Growing up with bare necessities in a world devoid of social media or TV, we gravitated to the great outdoors.  We eagerly awaited the luxury of train-journey holidays, dad meticulously planned to exotic locations in the Island with the railway warrants he earned. They were often at ordinary ‘holiday bungalows’ which turned out extraordinary! And to feed his small army of five children, two spinster aunts Dora and Lily with mum and dad, he ensured they packed sufficient provisions, carefully tucked away in the train!  In the beautiful Jaffna peninsula, we took respite at an Ashram before visiting the delightful island of wild ponies in Delft riding the waves in a jam packed ferry from Kankesanthurai after an exhilarating dip in the famous Keerimalai springs abutting the expansive Indian Ocean. And the Bottomless Well in Putthur with its spine-tingling tales 
captivated us! 

A teetotaler his ‘Mantra’ for longevity was four ‘W’s which underpinned his simple lifestyle –  Worship daily the Almighty, Water, drink in plenty the river of life, Work to earn your daily bread and Walk your way to good health. And his adult grandchildren would mischievously quip “Grampa, what about Wine to make merry and Women -- God’s gift to mankind?” 

A man of great simplicity, he didn’t dress to impress.  He called a spade none other! He championed causes for the poor, loved the great outdoors and a taste for adventure. Walking was second nature for he outlived its benefits. In his retirement, he enjoyed travelling the world over. An avid reader, he read from cover to cover many times over the Holy Bible his ‘Book of life’s Instruction’. Likewise his ‘second bible’ he claimed was the works of Shakespeare.  He brought poetry to life; and Cassabianca, an epitome of obedience and bravery, takes me on an emotional journey even today.

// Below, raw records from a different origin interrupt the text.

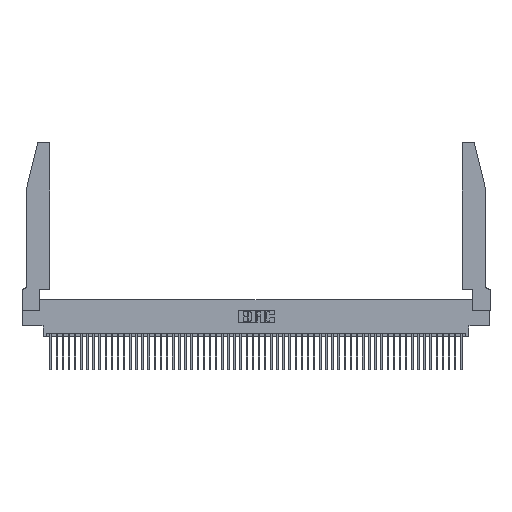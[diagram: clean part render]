
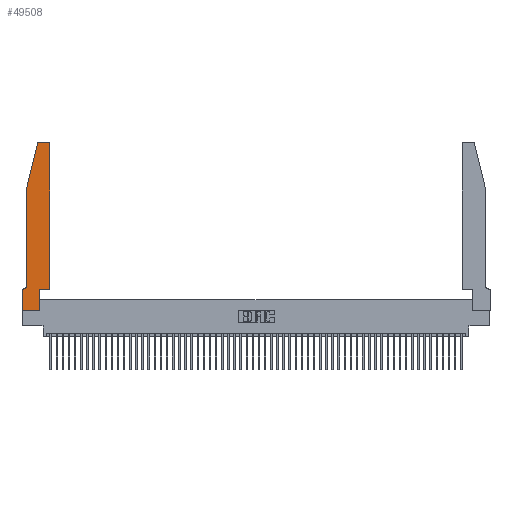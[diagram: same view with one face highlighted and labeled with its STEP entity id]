
A CAD part, top view. The second image highlights one B-rep face of the part: STEP entity #49508.
In plain terms, the highlighted planar face has unit normal (0, 0, 1).
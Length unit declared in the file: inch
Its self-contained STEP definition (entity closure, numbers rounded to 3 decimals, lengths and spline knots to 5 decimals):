
#418 = DIRECTION ( 'NONE',  ( 1., 0., 0. ) ) ;
#775 = EDGE_CURVE ( 'NONE', #7307, #12237, #3849, .T. ) ;
#871 = AXIS2_PLACEMENT_3D ( 'NONE', #14094, #43583, #18420 ) ;
#1311 = DIRECTION ( 'NONE',  ( 1., 0., 0. ) ) ;
#1388 = EDGE_CURVE ( 'NONE', #29535, #44781, #18639, .T. ) ;
#1393 = ORIENTED_EDGE ( 'NONE', *, *, #41156, .T. ) ;
#1676 = CARTESIAN_POINT ( 'NONE',  ( 0.4205, 2.75, 0.37 ) ) ;
#2209 = CARTESIAN_POINT ( 'NONE',  ( 0.25487, 2.72718, 0.37 ) ) ;
#3660 = CARTESIAN_POINT ( 'NONE',  ( 0.0755, 2., 0.37 ) ) ;
#3849 = LINE ( 'NONE', #41785, #36506 ) ;
#4893 = CARTESIAN_POINT ( 'NONE',  ( 0.2605, 2.75, 0.37 ) ) ;
#6025 = FACE_OUTER_BOUND ( 'NONE', #29176, .T. ) ;
#6207 = CARTESIAN_POINT ( 'NONE',  ( 0.4505, 0.35, 0.37 ) ) ;
#6626 = VERTEX_POINT ( 'NONE', #47167 ) ;
#6795 = ORIENTED_EDGE ( 'NONE', *, *, #48943, .T. ) ;
#7307 = VERTEX_POINT ( 'NONE', #44047 ) ;
#7408 = ORIENTED_EDGE ( 'NONE', *, *, #50088, .T. ) ;
#8753 = DIRECTION ( 'NONE',  ( -1., 0., 0. ) ) ;
#8770 = DIRECTION ( 'NONE',  ( 0., -1., 0. ) ) ;
#10470 = EDGE_CURVE ( 'NONE', #6626, #29535, #52792, .T. ) ;
#12237 = VERTEX_POINT ( 'NONE', #25831 ) ;
#12393 = VERTEX_POINT ( 'NONE', #30925 ) ;
#12711 = DIRECTION ( 'NONE',  ( 1., 0., 0. ) ) ;
#13014 = DIRECTION ( 'NONE',  ( -0.239, -0.971, 0. ) ) ;
#14094 = CARTESIAN_POINT ( 'NONE',  ( 0., 0.35, 0.37 ) ) ;
#14241 = ORIENTED_EDGE ( 'NONE', *, *, #775, .T. ) ;
#14365 = LINE ( 'NONE', #3660, #27088 ) ;
#14387 = LINE ( 'NONE', #29685, #36883 ) ;
#14700 = EDGE_CURVE ( 'NONE', #30006, #12393, #19690, .T. ) ;
#15366 = EDGE_CURVE ( 'NONE', #50289, #6626, #39972, .T. ) ;
#16240 = ORIENTED_EDGE ( 'NONE', *, *, #10470, .T. ) ;
#16377 = VERTEX_POINT ( 'NONE', #40725 ) ;
#17351 = CARTESIAN_POINT ( 'NONE',  ( 0.0755, 2., 0.37 ) ) ;
#17353 = CARTESIAN_POINT ( 'NONE',  ( 0.284, 2.75, 0.37 ) ) ;
#17538 = ORIENTED_EDGE ( 'NONE', *, *, #36465, .T. ) ;
#17938 = DIRECTION ( 'NONE',  ( -1., 0., 0. ) ) ;
#18100 = DIRECTION ( 'NONE',  ( 0., 1., 0. ) ) ;
#18420 = DIRECTION ( 'NONE',  ( 1., 0., 0. ) ) ;
#18639 = LINE ( 'NONE', #42083, #39715 ) ;
#19247 = CARTESIAN_POINT ( 'NONE',  ( 0., 0.35, 0.37 ) ) ;
#19675 = CIRCLE ( 'NONE', #27865, 0.03 ) ;
#19690 = LINE ( 'NONE', #17351, #28341 ) ;
#20626 = VERTEX_POINT ( 'NONE', #27876 ) ;
#23301 = CARTESIAN_POINT ( 'NONE',  ( 0., 0., 0.37 ) ) ;
#23875 = AXIS2_PLACEMENT_3D ( 'NONE', #50057, #25128, #54275 ) ;
#24315 = VECTOR ( 'NONE', #31812, 39.37008 ) ;
#25128 = DIRECTION ( 'NONE',  ( 0., 0., -1. ) ) ;
#25769 = AXIS2_PLACEMENT_3D ( 'NONE', #51171, #26213, #418 ) ;
#25831 = CARTESIAN_POINT ( 'NONE',  ( 0.4505, 0.35, 0.37 ) ) ;
#25879 = CARTESIAN_POINT ( 'NONE',  ( 0.0755, 0.35, 0.37 ) ) ;
#26213 = DIRECTION ( 'NONE',  ( 0., 0., 1. ) ) ;
#26536 = VECTOR ( 'NONE', #17938, 39.37008 ) ;
#27079 = DIRECTION ( 'NONE',  ( 0., 0., 1. ) ) ;
#27088 = VECTOR ( 'NONE', #8770, 39.37008 ) ;
#27865 = AXIS2_PLACEMENT_3D ( 'NONE', #52033, #27079, #1311 ) ;
#27876 = CARTESIAN_POINT ( 'NONE',  ( 0.4505, 2.72, 0.37 ) ) ;
#28341 = VECTOR ( 'NONE', #13014, 39.37008 ) ;
#29176 = EDGE_LOOP ( 'NONE', ( #17538, #7408, #34075, #32137, #33447, #16240, #31519, #53668, #1393, #14241, #6795, #33509 ) ) ;
#29295 = VECTOR ( 'NONE', #18100, 39.37008 ) ;
#29402 = EDGE_CURVE ( 'NONE', #20626, #43248, #19675, .T. ) ;
#29535 = VERTEX_POINT ( 'NONE', #19247 ) ;
#29685 = CARTESIAN_POINT ( 'NONE',  ( 0., 0., 0.37 ) ) ;
#30006 = VERTEX_POINT ( 'NONE', #2209 ) ;
#30714 = CARTESIAN_POINT ( 'NONE',  ( 0.2865, 0.35, 0.37 ) ) ;
#30925 = CARTESIAN_POINT ( 'NONE',  ( 0.0755, 2., 0.37 ) ) ;
#31519 = ORIENTED_EDGE ( 'NONE', *, *, #1388, .T. ) ;
#31544 = VERTEX_POINT ( 'NONE', #17353 ) ;
#31812 = DIRECTION ( 'NONE',  ( 0., 1., 0. ) ) ;
#32137 = ORIENTED_EDGE ( 'NONE', *, *, #37608, .T. ) ;
#33447 = ORIENTED_EDGE ( 'NONE', *, *, #15366, .T. ) ;
#33509 = ORIENTED_EDGE ( 'NONE', *, *, #29402, .T. ) ;
#34075 = ORIENTED_EDGE ( 'NONE', *, *, #14700, .T. ) ;
#34929 = EDGE_CURVE ( 'NONE', #44781, #16377, #14387, .T. ) ;
#35225 = PLANE ( 'NONE',  #871 ) ;
#35689 = CARTESIAN_POINT ( 'NONE',  ( 0.0755, 0.42, 0.37 ) ) ;
#36465 = EDGE_CURVE ( 'NONE', #43248, #31544, #37629, .T. ) ;
#36506 = VECTOR ( 'NONE', #45945, 39.37008 ) ;
#36717 = LINE ( 'NONE', #6207, #24315 ) ;
#36883 = VECTOR ( 'NONE', #12711, 39.37008 ) ;
#37608 = EDGE_CURVE ( 'NONE', #12393, #50289, #14365, .T. ) ;
#37629 = LINE ( 'NONE', #4893, #26536 ) ;
#37878 = DIRECTION ( 'NONE',  ( 0., -1., 0. ) ) ;
#39715 = VECTOR ( 'NONE', #37878, 39.37008 ) ;
#39972 = CIRCLE ( 'NONE', #23875, 0.07 ) ;
#40374 = LINE ( 'NONE', #30714, #29295 ) ;
#40725 = CARTESIAN_POINT ( 'NONE',  ( 0.2865, 0., 0.37 ) ) ;
#41156 = EDGE_CURVE ( 'NONE', #16377, #7307, #40374, .T. ) ;
#41721 = VECTOR ( 'NONE', #8753, 39.37008 ) ;
#41785 = CARTESIAN_POINT ( 'NONE',  ( 0.4505, 0.35, 0.37 ) ) ;
#42083 = CARTESIAN_POINT ( 'NONE',  ( 0., 0., 0.37 ) ) ;
#43248 = VERTEX_POINT ( 'NONE', #1676 ) ;
#43583 = DIRECTION ( 'NONE',  ( 0., 0., 1. ) ) ;
#44047 = CARTESIAN_POINT ( 'NONE',  ( 0.2865, 0.35, 0.37 ) ) ;
#44386 = CIRCLE ( 'NONE', #25769, 0.03 ) ;
#44781 = VERTEX_POINT ( 'NONE', #23301 ) ;
#45945 = DIRECTION ( 'NONE',  ( 1., 0., 0. ) ) ;
#47167 = CARTESIAN_POINT ( 'NONE',  ( 0.0055, 0.35, 0.37 ) ) ;
#48943 = EDGE_CURVE ( 'NONE', #12237, #20626, #36717, .T. ) ;
#49508 = ADVANCED_FACE ( 'NONE', ( #6025 ), #35225, .T. ) ;
#50057 = CARTESIAN_POINT ( 'NONE',  ( 0.0055, 0.42, 0.37 ) ) ;
#50088 = EDGE_CURVE ( 'NONE', #31544, #30006, #44386, .T. ) ;
#50289 = VERTEX_POINT ( 'NONE', #35689 ) ;
#51171 = CARTESIAN_POINT ( 'NONE',  ( 0.284, 2.72, 0.37 ) ) ;
#52033 = CARTESIAN_POINT ( 'NONE',  ( 0.4205, 2.72, 0.37 ) ) ;
#52792 = LINE ( 'NONE', #25879, #41721 ) ;
#53668 = ORIENTED_EDGE ( 'NONE', *, *, #34929, .T. ) ;
#54275 = DIRECTION ( 'NONE',  ( -1., 0., 0. ) ) ;

A prolific writer he authored and published his ‘Life of Prayer Miracles’ in his early eighties as a fitting tribute to God’s goodness in his life. 

He lived frugally to give his hard earned money mostly away! A creature of habit he’d draw water to bathe well into his old age! An early riser he extolled the virtues of ‘early to rise and early to bed’ and kick start the day with a song of praise akin to a ‘call to prayer’ from a minaret! These songs like ‘paan chunes’ are a ‘fixture’ in my brain even today 

Dad married my mother Stephanie the daughter of Crown Proctor ERP Goonetilleke from Panadura and his wife Elizabeth-Lavinia, sister of Sir Claude Corea. Their ‘arranged’ marriage spanned 63 years.  Though both strikingly handsome they were like chalk and cheese in many ways; indeed opposites attract! Mum was a docile and gentle soul! And Dad was everything that she was not! Their union produced five children, six grandchildren and two great grandchildren. Mum and Dad endured their storms with resilience to pull through together to ride the tough times.  When mum was riddled with excruciating and crippling rheumatoid arthritis in her forties I saw dad’s steel and devotion. The loss of their precious only son Gihan of 28 years was agonizing and devastating but dad’s faith like Job’s, never faltered. In their twilight years’ Mum and Dad sat beside each other for endless hours in deafening silence, yet, in that silence was their deep communion.  When his life’s faithful partner of 63 years passed on six years ago, dad’s memory nearly froze in shock. Although he enjoyed robust health throughout, at the age of 90 he was given a second chance at life by the moped riding unassuming and benevolent physician Kumar Fernando and at 94 he went under the scalpel of a ‘world class’ Urologist in Prof. Srinath Chandrasekera for another miraculous divine intervention.  

And now in his advancing years at almost one hundred, as he fervently awaits the ‘final call’ to that heavenly abode, our roles have reversed. As I tuck him to bed each night and sing his favourite chorus into his ear assuring him that he is not alone, I recall my own childhood.  With a heart brimming with gratitude I thank God for affording me this incredible privilege to return the favour!